Au Kenya, l’arrestation puis l’inculpation de Boniface Mwangi, célèbre militant et défenseur des droits civiques, ont provoqué une onde de choc. L’activiste, connu pour ses prises de position virulentes contre le gouvernement, a été présenté lundi devant un tribunal de Nairobi pour possession illégale de munitions.
Libéré sous caution, Mwangi dénonce une tentative d’intimidation de la part des autorités. L’opposition et une large frange de la société civile voient dans cette affaire une manœuvre visant à museler les voix dissidentes, sur fond de contestation croissante contre les réformes fiscales controversées proposées par le président William Ruto.

Des accusations aux relents politiques
Si l’accusation officielle porte sur des munitions retrouvées en sa possession, certains redoutent une requalification du dossier en acte de terrorisme. Une accusation souvent utilisée dans le pays pour affaiblir les mouvements de protestation. Mwangi, pour sa part, accuse directement le pouvoir de vouloir « criminaliser » la contestation.
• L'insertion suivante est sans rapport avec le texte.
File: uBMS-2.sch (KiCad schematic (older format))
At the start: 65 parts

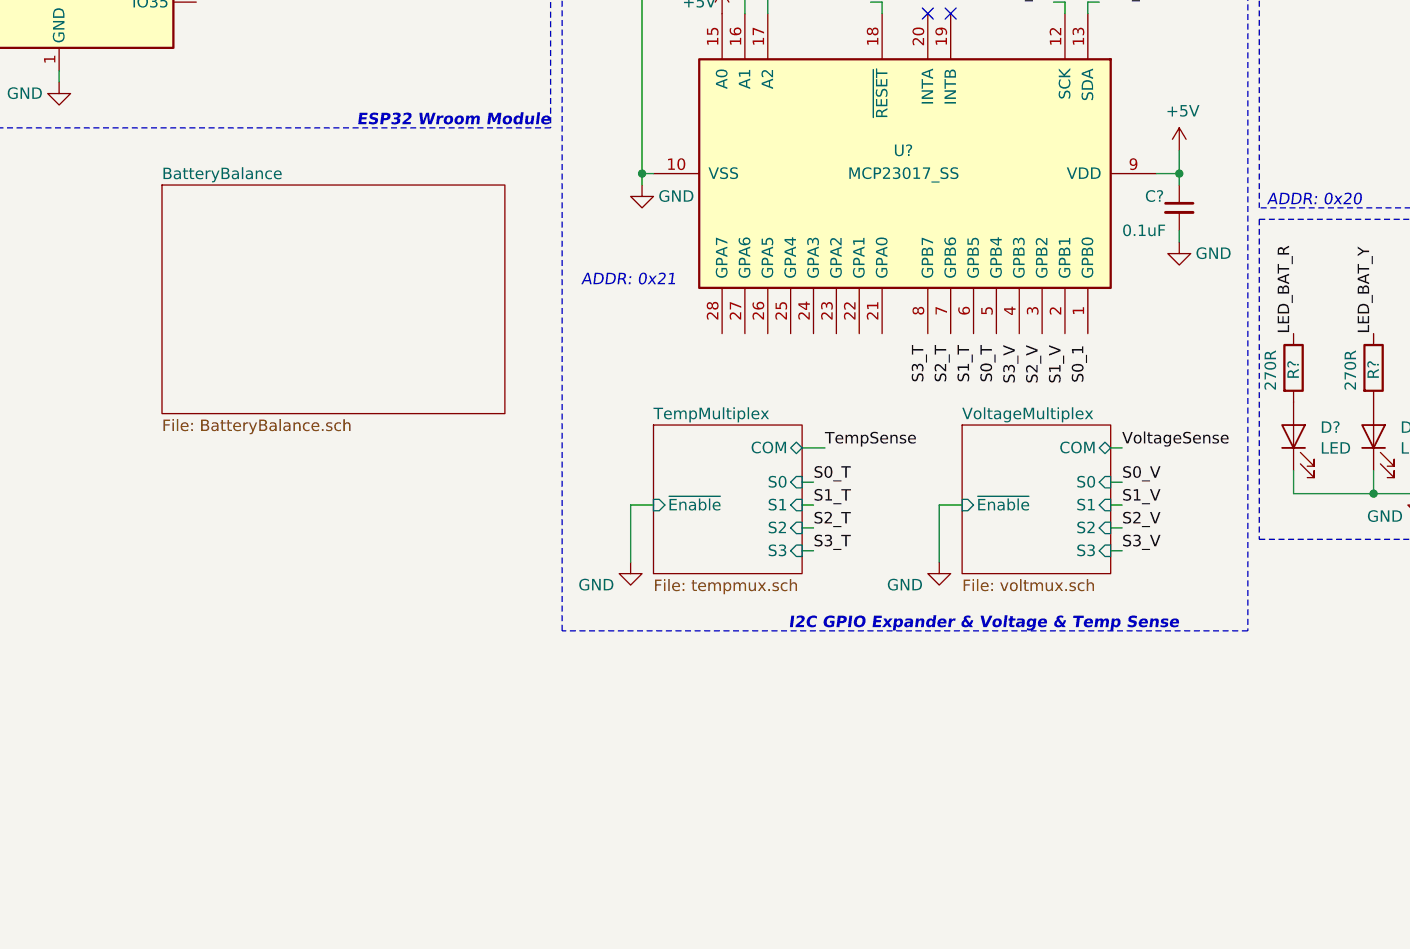
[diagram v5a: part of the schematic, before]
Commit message: Connected Balance Sheet
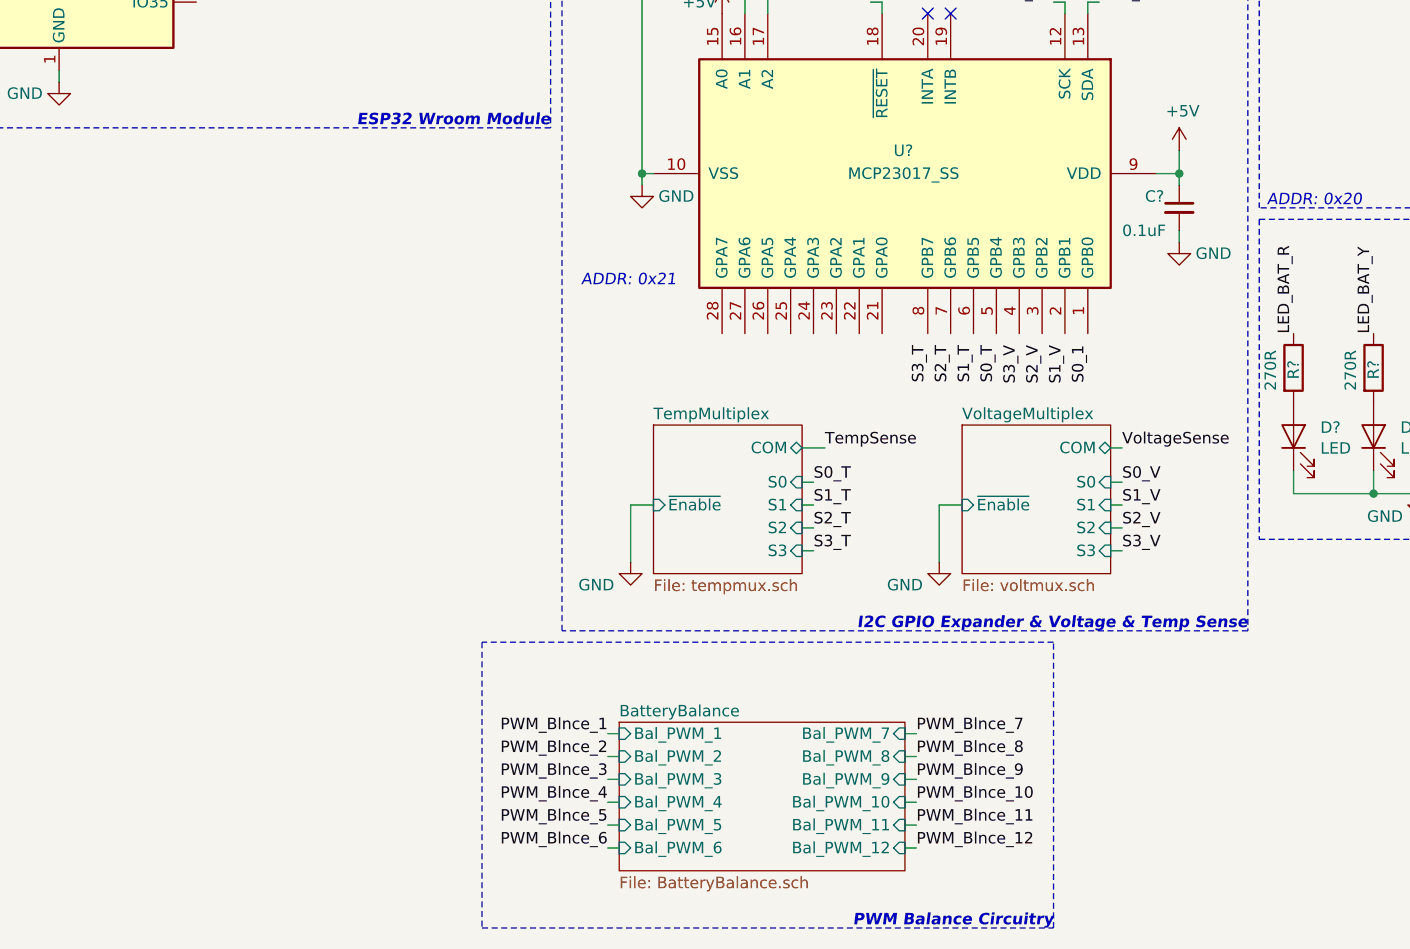
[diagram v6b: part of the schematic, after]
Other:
- note added: "PWM Balance Circuitry"
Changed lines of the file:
@@
 Wire Wire Line
 	7050 3700 7100 3700
-Text Notes 7450 6450 2    50   Italic 10
+Text Notes 7750 6450 2    50   Italic 10
 I2C GPIO Expander & Voltage & Temp Sense
 $Sheet
-S 3000 4500 1500 1000
+S 5000 6850 1250 650
 U 5F7870B7
 F0 "BatteryBalance" 50
 F1 "BatteryBalance.sch" 50
+F2 "Bal_PWM_1" I L 5000 6900 50
+F3 "Bal_PWM_2" I L 5000 7000 50
+F4 "Bal_PWM_3" I L 5000 7100 50
+F5 "Bal_PWM_4" I L 5000 7200 50
+F6 "Bal_PWM_5" I L 5000 7300 50
+F7 "Bal_PWM_6" I L 5000 7400 50
+F8 "Bal_PWM_7" I R 6250 6900 50
+F9 "Bal_PWM_8" I R 6250 7000 50
+F10 "Bal_PWM_9" I R 6250 7100 50
+F11 "Bal_PWM_10" I R 6250 7200 50
+F12 "Bal_PWM_11" I R 6250 7300 50
+F13 "Bal_PWM_12" I R 6250 7400 50
 $EndSheet
+Text Label 4950 6900 2    50   ~ 0
+PWM_Blnce_1
+Text Label 4950 7000 2    50   ~ 0
+PWM_Blnce_2
+Text Label 4950 7100 2    50   ~ 0
+PWM_Blnce_3
+Text Label 4950 7200 2    50   ~ 0
+PWM_Blnce_4
+Text Label 4950 7300 2    50   ~ 0
+PWM_Blnce_5
+Text Label 4950 7400 2    50   ~ 0
+PWM_Blnce_6
+Text Label 6300 6900 0    50   ~ 0
+PWM_Blnce_7
+Text Label 6300 7000 0    50   ~ 0
+PWM_Blnce_8
+Text Label 6300 7100 0    50   ~ 0
+PWM_Blnce_9
+Text Label 6300 7200 0    50   ~ 0
+PWM_Blnce_10
+Text Label 6300 7300 0    50   ~ 0
+PWM_Blnce_11
+Text Label 6300 7400 0    50   ~ 0
+PWM_Blnce_12
+Wire Wire Line
+	4950 6900 5000 6900
+Wire Wire Line
+	4950 7000 5000 7000
+Wire Wire Line
+	4950 7100 5000 7100
+Wire Wire Line
+	4950 7200 5000 7200
+Wire Wire Line
+	4950 7300 5000 7300
+Wire Wire Line
+	4950 7400 5000 7400
+Wire Wire Line
+	6300 6900 6250 6900
+Wire Wire Line
+	6300 7000 6250 7000
+Wire Wire Line
+	6300 7100 6250 7100
+Wire Wire Line
+	6300 7200 6250 7200
+Wire Wire Line
+	6300 7300 6250 7300
+Wire Wire Line
+	6300 7400 6250 7400
+Wire Notes Line
+	6900 6500 4400 6500
+Wire Notes Line
+	4400 6500 4400 7750
+Wire Notes Line
+	4400 7750 6900 7750
+Wire Notes Line
+	6900 7750 6900 6500
+Text Notes 6900 7750 2    50   Italic 10
+PWM Balance Circuitry
 $EndSCHEMATC

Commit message: Think I just added labels?
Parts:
- gave numbers to parts that had none: 63
- renumbered CIN to CIN1, COUT to COUT1
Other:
- note added: "Tie reset to GPIO expander too\nMight have to add Diode and 5v pullup\n\n"
- note removed: "Tie reset to GPIO expander too\n"
- moved on the sheet: C5, C6, U2

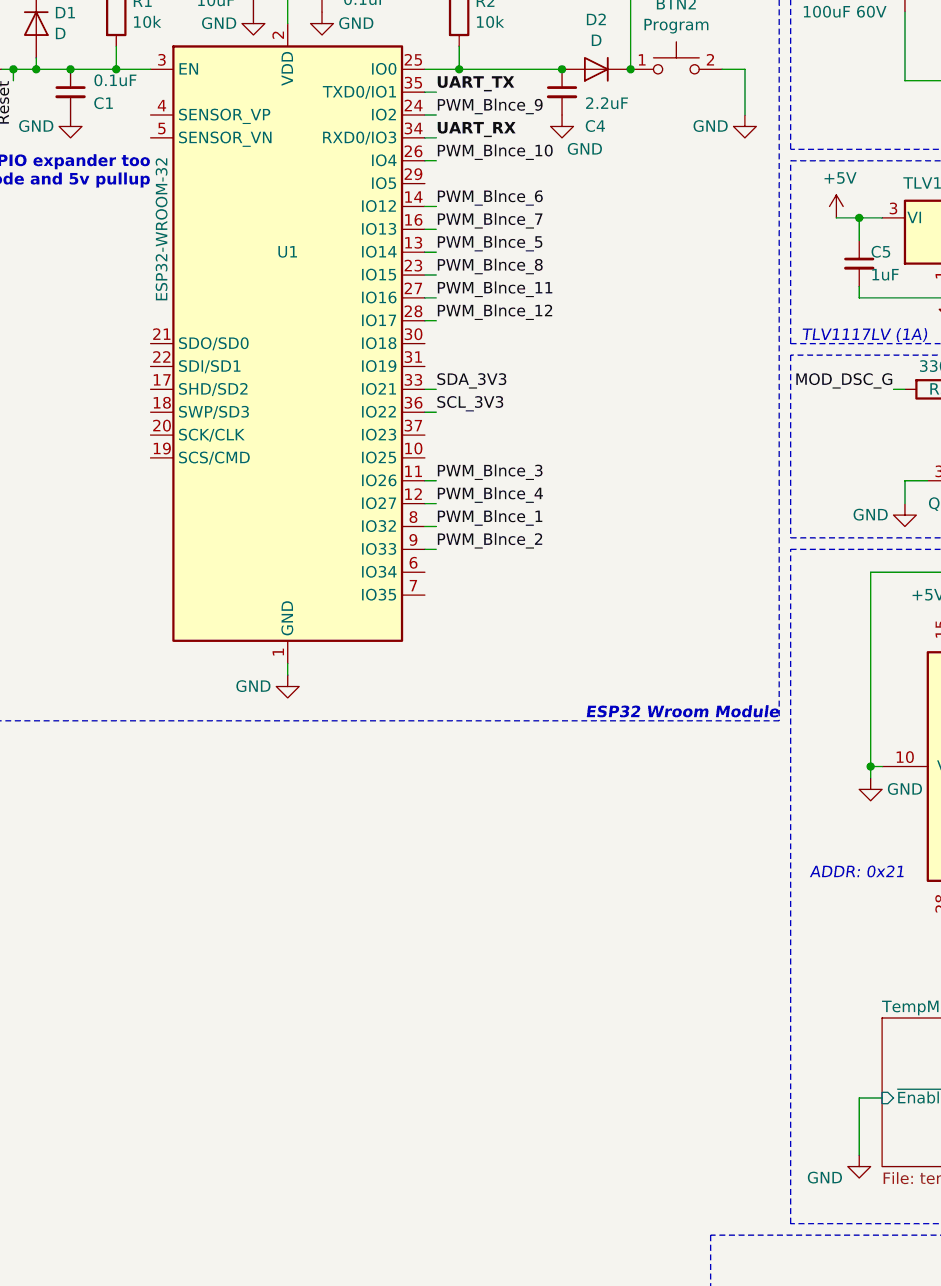
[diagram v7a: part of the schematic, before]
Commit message: Added Micro SD Card Interface
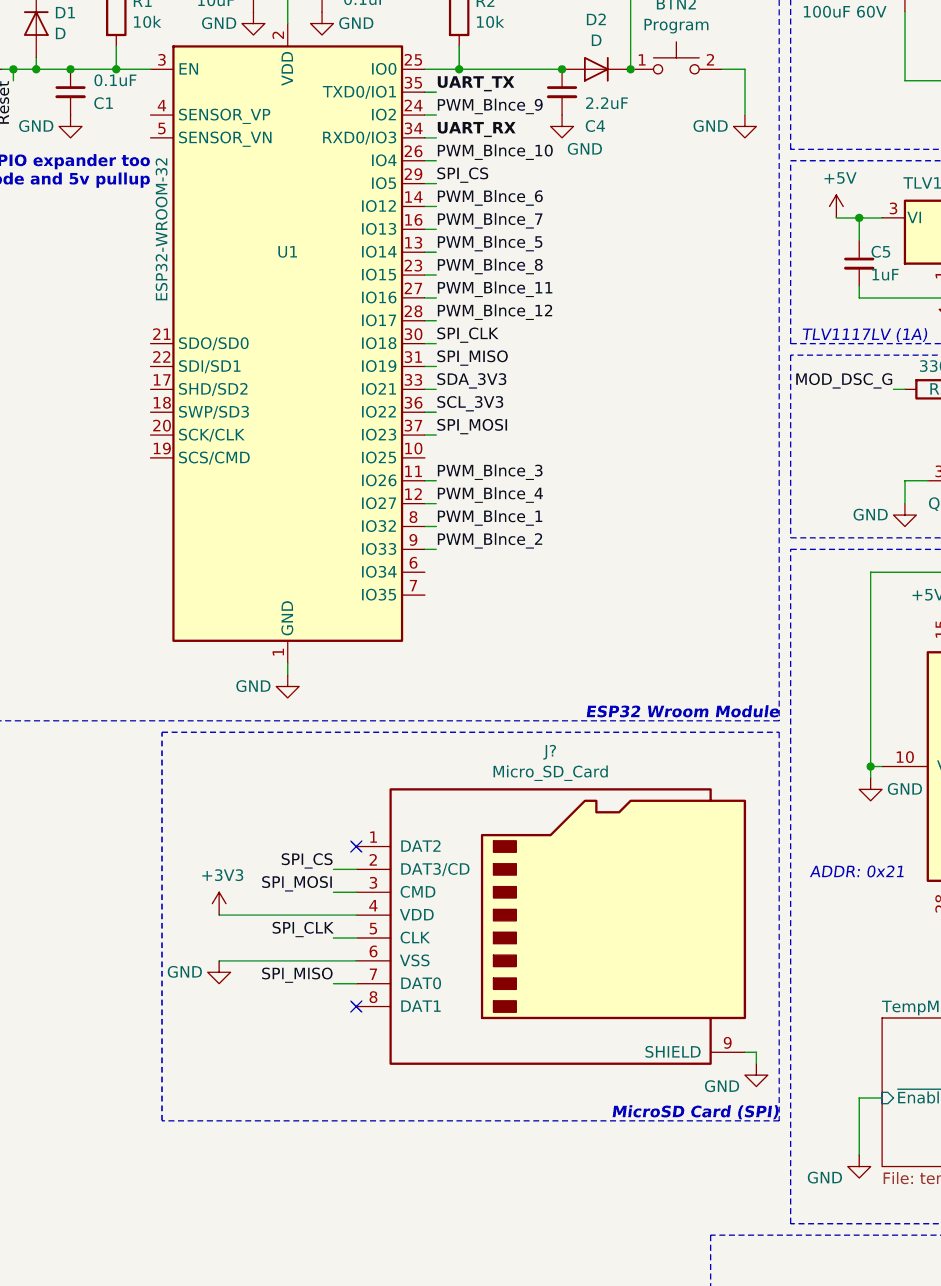
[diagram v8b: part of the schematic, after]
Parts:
- added J?: Micro_SD_Card, symbol Connector:Micro_SD_Card
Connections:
- net +3V3: now also J?.4 (VDD)
- net GND: now also J?.6 (VSS), J?.9 (SHIELD)
- net SPI_CS: now reaches U1.29 (IO5)
- net SPI_CS: now also J?.2 (DAT3/CD)
- net SPI_CLK: now reaches U1.30 (IO18)
- net SPI_CLK: now also J?.5 (CLK)
- net SPI_MISO: now reaches U1.31 (IO19)
- net SPI_MISO: now also J?.7 (DAT0)
- net SPI_MOSI: now reaches U1.37 (IO23)
- net SPI_MOSI: now also J?.3 (CMD)
- no-connect marks 2 -> 4
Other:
- note added: "MicroSD Card (SPI)"
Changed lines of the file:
@@
 Wire Notes Line
 	4750 2600 6150 2600
+$Comp
+L Connector:Micro_SD_Card J?
+U 1 1 5F239FEE
+P 3750 5100
+F 0 "J?" H 3700 5817 50  0000 C CNN
+F 1 "Micro_SD_Card" H 3700 5726 50  0000 C CNN
+F 2 "" H 4900 5400 50  0001 C CNN
+F 3 "http://katalog.we-online.de/em/datasheet/693072010801.pdf" H 3750 5100 50  0001 C CNN
+	1    3750 5100
+	1    0    0    -1
+$EndComp
+$Comp
+L power:GND #PWR?
+U 1 1 5F23C6D3
+P 4600 5750
+F 0 "#PWR?" H 4600 5500 50  0001 C CNN
+F 1 "GND" H 4450 5650 50  0000 C CNN
+F 2 "" H 4600 5750 50  0001 C CNN
+F 3 "" H 4600 5750 50  0001 C CNN
+	1    4600 5750
+	1    0    0    -1
+$EndComp
+Wire Wire Line
+	4600 5750 4600 5700
+Wire Wire Line
+	4600 5700 4550 5700
+Text Label 3200 1900 0    50   ~ 0
+SPI_CS
+Text Label 3200 3000 0    50   ~ 0
+SPI_MOSI
+Text Label 3200 2600 0    50   ~ 0
+SPI_CLK
+Text Label 3200 2700 0    50   ~ 0
+SPI_MISO
+Wire Wire Line
+	3200 1900 3150 1900
+Wire Wire Line
+	3200 2600 3150 2600
+Wire Wire Line
+	3200 2700 3150 2700
+Wire Wire Line
+	3200 3000 3150 3000
+Text Label 2750 4900 2    50   ~ 0
+SPI_CS
+Text Label 2750 5000 2    50   ~ 0
+SPI_MOSI
+Text Label 2750 5200 2    50   ~ 0
+SPI_CLK
+Text Label 2750 5400 2    50   ~ 0
+SPI_MISO
+Wire Wire Line
+	2750 5400 2850 5400
+Wire Wire Line
+	2750 5200 2850 5200
+Wire Wire Line
+	2750 5000 2850 5000
+Wire Wire Line
+	2750 4900 2850 4900
+$Comp
+L power:+3V3 #PWR?
+U 1 1 5F3038DF
+P 2250 5100
+F 0 "#PWR?" H 2250 4950 50  0001 C CNN
+F 1 "+3V3" H 2265 5273 50  0000 C CNN
+F 2 "" H 2250 5100 50  0001 C CNN
+F 3 "" H 2250 5100 50  0001 C CNN
+	1    2250 5100
+	1    0    0    -1
+$EndComp
+Wire Wire Line
+	2250 5100 2850 5100
+$Comp
+L power:GND #PWR?
+U 1 1 5F31AA65
+P 2250 5300
+F 0 "#PWR?" H 2250 5050 50  0001 C CNN
+F 1 "GND" H 2100 5250 50  0000 C CNN
+F 2 "" H 2250 5300 50  0001 C CNN
+F 3 "" H 2250 5300 50  0001 C CNN
+	1    2250 5300
+	1    0    0    -1
+$EndComp
+Wire Wire Line
+	2250 5300 2850 5300
+NoConn ~ 2850 5500
+NoConn ~ 2850 4800
+Wire Notes Line
+	4700 4300 4700 6000
+Wire Notes Line
+	4700 6000 2000 6000
+Wire Notes Line
+	2000 6000 2000 4300
+Wire Notes Line
+	2000 4300 4700 4300
+Text Notes 4700 6000 2    50   Italic 10
+MicroSD Card (SPI)
 $EndSCHEMATC

« Nous ne sommes pas des terroristes. Nous sommes des citoyens en colère, fatigués de voir notre gouvernement nous opprimer », a-t-il déclaré à la sortie du tribunal. Il affirme que ses actions, tout comme celles des milliers de jeunes mobilisés, ne sont motivées que par le désir de justice sociale.

Une jeunesse mobilisée
Boniface Mwangi bénéficie d’un large soutien sur les réseaux sociaux, notamment sur X, où il compte plus de deux millions de followers. Porte-voix d’une jeunesse désabusée, il incarne depuis plusieurs années une génération décidée à défier l’ordre établi.
Lors de son audience, il a tenu à rappeler que les manifestations massives observées depuis la mi-2024 sont le fruit d’une mobilisation populaire spontanée. « Ces jeunes manifestants écrivent parfois leur propre nécrologie avant de sortir dans la rue. Cela montre à quel point ils sont déterminés. »
Un climat politique explosif
Depuis la fin de l’année 2024, les manifestations se sont multipliées dans les grandes villes du pays. En cause : des mesures fiscales jugées injustes et pénalisantes pour les plus vulnérables. Les protestataires réclament une refonte du système économique, davantage d’équité sociale, et la fin de la répression politique.
Dans ce contexte, l’affaire Mwangi cristallise les tensions. Pour nombre d’observateurs, elle pourrait marquer un tournant dans la confrontation entre le pouvoir et la rue. Si le gouvernement persiste dans sa volonté de durcir le ton, le risque d’un embrasement populaire semble de plus en plus probable.